Would you please report how many lines of the listing contain "blocks"? Reply with that number only.

§

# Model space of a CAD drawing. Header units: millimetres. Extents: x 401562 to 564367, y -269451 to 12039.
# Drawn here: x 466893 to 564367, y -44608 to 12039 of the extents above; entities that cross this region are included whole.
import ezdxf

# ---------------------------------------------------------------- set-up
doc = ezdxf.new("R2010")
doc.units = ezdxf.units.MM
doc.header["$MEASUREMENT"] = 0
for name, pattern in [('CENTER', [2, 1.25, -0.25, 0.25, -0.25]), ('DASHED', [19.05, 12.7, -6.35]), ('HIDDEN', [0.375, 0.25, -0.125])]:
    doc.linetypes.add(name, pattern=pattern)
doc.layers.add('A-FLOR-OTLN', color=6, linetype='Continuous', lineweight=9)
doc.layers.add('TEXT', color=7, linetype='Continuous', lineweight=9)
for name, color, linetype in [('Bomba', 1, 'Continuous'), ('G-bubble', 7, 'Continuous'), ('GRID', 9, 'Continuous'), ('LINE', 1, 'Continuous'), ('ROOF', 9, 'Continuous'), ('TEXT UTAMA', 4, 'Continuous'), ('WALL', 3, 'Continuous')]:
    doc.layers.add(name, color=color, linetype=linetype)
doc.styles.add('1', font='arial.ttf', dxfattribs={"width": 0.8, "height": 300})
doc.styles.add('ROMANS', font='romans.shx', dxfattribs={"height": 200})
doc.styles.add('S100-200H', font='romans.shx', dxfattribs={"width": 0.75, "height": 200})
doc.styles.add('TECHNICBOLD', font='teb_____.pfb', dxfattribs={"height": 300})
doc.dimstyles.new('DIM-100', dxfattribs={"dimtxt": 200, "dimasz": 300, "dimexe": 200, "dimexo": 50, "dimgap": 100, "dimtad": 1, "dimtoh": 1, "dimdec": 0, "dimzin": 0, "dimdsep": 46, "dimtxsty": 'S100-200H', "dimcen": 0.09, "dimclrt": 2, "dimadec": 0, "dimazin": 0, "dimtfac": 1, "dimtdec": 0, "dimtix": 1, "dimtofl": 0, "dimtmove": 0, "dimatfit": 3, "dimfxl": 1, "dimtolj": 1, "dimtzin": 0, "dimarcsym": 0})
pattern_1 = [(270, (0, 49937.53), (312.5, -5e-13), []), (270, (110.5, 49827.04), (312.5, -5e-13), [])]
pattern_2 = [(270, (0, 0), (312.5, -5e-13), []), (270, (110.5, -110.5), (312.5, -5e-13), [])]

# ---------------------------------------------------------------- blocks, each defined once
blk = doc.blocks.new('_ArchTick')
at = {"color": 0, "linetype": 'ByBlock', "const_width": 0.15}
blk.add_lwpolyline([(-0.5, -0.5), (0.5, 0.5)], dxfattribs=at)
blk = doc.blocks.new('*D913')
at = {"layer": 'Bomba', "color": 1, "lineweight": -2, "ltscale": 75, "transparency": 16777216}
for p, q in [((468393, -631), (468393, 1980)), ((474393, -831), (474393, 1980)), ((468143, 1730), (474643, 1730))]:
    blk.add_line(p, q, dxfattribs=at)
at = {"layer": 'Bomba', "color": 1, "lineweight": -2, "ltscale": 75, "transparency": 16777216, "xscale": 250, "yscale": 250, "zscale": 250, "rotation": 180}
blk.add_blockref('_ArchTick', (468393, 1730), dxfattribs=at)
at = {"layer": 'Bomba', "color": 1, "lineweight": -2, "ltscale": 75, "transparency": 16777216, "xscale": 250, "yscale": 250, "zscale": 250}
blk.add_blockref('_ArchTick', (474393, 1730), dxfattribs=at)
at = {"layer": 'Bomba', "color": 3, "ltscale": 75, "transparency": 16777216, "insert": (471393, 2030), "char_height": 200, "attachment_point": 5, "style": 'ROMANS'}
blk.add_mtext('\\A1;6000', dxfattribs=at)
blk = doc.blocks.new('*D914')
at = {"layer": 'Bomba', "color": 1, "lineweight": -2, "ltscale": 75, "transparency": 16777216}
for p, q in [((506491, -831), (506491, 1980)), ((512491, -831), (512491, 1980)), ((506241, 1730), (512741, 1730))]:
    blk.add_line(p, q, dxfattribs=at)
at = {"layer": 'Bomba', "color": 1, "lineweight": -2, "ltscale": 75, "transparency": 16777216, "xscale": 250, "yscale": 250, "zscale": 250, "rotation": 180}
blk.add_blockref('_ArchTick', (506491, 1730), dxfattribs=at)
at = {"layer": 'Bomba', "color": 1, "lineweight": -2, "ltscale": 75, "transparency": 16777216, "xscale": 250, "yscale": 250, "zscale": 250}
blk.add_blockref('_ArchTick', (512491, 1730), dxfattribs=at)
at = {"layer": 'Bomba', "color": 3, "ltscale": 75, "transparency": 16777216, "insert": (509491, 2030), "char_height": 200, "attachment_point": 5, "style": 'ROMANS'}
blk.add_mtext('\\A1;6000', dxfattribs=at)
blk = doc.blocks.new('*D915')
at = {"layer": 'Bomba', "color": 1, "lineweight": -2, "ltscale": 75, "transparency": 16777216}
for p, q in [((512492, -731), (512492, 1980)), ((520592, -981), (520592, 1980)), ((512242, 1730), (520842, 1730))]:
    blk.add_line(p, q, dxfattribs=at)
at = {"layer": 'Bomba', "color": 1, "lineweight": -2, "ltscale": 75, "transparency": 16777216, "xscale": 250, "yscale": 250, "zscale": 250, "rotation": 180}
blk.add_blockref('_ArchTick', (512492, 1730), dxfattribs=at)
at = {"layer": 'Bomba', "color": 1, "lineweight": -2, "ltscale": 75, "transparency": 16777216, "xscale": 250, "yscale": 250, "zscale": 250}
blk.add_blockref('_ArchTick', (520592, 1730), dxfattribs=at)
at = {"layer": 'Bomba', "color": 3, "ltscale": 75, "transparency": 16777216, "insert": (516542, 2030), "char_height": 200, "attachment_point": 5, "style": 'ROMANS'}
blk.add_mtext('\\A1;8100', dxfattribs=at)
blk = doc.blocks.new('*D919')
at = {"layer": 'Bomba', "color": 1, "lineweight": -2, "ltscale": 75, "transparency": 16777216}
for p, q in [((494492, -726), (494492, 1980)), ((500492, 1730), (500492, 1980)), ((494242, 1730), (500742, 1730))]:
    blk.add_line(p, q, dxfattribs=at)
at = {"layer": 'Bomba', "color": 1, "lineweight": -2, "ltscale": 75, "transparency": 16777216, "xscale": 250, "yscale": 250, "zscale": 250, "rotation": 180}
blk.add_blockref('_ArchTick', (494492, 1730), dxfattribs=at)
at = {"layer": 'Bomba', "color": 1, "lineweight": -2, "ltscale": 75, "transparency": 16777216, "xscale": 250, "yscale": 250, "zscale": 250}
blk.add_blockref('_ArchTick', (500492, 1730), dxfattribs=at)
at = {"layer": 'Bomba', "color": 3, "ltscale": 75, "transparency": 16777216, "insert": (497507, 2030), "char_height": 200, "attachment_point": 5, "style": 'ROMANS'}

§

--- RESPONSE AREA ---
6